[Records contained in a dataset]

★ ★ ★ ★

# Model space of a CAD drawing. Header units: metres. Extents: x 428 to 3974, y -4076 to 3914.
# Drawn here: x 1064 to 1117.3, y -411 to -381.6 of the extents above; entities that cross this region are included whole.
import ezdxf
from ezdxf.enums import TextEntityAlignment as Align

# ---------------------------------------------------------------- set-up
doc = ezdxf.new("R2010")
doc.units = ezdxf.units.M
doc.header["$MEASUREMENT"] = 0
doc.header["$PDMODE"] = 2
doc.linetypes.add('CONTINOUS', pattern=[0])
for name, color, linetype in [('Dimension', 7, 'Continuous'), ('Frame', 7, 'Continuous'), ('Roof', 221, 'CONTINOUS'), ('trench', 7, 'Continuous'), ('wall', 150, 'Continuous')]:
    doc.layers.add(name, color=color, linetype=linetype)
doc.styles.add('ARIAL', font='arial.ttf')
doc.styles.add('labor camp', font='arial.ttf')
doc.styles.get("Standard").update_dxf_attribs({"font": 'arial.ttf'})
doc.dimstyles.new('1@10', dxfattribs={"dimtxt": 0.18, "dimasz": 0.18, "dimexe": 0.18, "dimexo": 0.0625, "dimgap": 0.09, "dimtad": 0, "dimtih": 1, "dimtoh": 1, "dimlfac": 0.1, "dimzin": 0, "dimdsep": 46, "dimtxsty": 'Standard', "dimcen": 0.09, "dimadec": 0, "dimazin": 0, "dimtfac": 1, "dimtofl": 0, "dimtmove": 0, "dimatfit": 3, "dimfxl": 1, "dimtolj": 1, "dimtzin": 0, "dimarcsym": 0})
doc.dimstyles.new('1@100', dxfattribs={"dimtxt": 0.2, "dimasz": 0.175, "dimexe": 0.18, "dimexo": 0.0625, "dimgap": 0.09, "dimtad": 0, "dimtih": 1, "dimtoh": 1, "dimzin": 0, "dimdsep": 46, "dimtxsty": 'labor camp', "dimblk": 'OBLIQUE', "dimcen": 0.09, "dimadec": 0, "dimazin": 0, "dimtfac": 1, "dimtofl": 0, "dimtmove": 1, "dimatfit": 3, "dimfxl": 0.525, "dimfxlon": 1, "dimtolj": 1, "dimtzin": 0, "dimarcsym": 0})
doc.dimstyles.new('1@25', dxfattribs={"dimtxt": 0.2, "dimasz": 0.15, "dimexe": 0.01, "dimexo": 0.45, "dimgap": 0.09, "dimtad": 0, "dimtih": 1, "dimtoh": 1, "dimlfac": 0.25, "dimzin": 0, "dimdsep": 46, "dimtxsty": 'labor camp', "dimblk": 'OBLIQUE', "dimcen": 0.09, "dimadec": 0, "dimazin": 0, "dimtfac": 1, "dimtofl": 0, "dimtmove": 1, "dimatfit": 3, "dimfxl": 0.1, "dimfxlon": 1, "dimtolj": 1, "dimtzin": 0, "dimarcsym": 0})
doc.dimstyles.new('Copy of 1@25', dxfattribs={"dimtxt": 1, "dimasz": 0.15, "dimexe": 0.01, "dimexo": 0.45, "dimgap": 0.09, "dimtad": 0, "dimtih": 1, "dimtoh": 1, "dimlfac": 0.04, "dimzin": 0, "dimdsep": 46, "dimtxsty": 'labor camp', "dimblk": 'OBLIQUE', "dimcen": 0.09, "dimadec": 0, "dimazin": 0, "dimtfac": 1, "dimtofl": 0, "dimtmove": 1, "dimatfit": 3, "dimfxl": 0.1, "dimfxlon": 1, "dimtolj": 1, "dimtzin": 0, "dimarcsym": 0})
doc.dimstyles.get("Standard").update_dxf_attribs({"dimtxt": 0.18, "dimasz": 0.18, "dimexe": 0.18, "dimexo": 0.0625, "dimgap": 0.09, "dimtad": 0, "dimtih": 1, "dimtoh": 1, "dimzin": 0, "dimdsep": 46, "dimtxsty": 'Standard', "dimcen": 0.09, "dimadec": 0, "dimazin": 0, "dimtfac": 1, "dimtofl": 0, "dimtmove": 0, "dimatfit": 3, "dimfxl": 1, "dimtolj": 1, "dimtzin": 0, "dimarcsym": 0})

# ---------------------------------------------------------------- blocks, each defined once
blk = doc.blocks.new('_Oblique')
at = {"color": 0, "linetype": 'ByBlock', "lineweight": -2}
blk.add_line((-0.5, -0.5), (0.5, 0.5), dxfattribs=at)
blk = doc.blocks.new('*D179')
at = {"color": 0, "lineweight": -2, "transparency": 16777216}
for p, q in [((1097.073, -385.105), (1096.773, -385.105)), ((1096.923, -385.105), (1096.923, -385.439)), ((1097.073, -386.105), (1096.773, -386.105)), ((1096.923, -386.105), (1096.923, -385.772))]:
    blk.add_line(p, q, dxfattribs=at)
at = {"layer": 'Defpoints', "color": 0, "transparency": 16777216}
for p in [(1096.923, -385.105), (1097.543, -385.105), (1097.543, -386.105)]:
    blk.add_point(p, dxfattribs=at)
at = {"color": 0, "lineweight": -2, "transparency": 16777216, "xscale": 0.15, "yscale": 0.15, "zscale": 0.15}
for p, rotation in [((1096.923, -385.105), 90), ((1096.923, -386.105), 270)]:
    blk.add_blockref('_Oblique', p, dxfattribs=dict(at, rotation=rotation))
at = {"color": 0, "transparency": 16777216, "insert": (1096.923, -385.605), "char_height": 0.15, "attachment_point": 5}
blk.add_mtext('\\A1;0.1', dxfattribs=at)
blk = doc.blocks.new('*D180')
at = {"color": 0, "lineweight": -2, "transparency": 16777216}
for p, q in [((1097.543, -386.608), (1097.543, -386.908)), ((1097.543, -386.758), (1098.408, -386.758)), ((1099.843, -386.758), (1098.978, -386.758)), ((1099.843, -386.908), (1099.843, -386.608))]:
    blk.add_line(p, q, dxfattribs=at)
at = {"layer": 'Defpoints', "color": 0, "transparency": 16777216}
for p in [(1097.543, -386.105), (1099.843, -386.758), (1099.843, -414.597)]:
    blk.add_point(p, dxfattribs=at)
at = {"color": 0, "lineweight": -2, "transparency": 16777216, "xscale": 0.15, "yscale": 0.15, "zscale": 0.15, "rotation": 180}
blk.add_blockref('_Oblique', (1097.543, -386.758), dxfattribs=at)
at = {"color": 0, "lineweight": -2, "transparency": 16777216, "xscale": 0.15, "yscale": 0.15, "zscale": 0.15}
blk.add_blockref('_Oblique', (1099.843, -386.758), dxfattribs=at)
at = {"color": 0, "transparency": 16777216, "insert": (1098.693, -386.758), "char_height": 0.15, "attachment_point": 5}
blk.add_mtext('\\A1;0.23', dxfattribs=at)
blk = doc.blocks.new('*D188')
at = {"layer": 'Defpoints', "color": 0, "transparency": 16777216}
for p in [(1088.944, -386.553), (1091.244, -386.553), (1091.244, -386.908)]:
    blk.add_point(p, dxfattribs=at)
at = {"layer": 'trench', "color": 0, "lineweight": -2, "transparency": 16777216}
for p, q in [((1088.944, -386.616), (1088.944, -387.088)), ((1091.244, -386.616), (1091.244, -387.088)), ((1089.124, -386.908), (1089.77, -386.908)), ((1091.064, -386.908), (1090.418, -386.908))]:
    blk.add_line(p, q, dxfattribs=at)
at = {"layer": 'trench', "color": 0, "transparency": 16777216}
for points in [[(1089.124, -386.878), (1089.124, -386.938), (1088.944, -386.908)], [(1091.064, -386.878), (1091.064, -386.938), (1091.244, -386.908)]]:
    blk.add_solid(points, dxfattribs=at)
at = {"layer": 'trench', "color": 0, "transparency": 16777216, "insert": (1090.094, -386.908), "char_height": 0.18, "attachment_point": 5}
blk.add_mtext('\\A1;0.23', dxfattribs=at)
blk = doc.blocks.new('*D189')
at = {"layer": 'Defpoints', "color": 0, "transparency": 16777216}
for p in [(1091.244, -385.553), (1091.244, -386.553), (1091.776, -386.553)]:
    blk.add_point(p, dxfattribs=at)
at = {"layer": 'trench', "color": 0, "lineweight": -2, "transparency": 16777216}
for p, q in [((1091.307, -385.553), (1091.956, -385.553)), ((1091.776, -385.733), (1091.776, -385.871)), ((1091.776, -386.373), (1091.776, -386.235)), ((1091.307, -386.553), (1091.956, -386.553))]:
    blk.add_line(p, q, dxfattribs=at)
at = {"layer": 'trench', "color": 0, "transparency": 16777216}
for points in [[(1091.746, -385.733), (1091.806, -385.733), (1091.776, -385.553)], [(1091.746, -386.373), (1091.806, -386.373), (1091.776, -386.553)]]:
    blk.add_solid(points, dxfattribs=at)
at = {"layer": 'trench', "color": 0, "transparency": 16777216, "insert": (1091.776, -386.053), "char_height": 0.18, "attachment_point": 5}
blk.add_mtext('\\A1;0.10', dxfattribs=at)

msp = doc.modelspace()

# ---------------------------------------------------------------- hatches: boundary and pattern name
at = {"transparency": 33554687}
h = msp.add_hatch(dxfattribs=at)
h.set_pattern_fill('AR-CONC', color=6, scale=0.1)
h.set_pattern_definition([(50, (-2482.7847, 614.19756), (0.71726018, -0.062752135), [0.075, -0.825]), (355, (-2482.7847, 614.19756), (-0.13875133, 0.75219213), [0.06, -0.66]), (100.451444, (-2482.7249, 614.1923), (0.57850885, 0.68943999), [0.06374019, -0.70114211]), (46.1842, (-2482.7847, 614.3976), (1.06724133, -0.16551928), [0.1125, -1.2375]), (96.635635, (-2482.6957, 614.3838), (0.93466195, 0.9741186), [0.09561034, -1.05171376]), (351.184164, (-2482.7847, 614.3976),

★ ★ ★ ★

Description of the task – Copy down every line of the entries containing the word "import".

Result –
import ezdxf
from ezdxf.enums import TextEntityAlignment as Align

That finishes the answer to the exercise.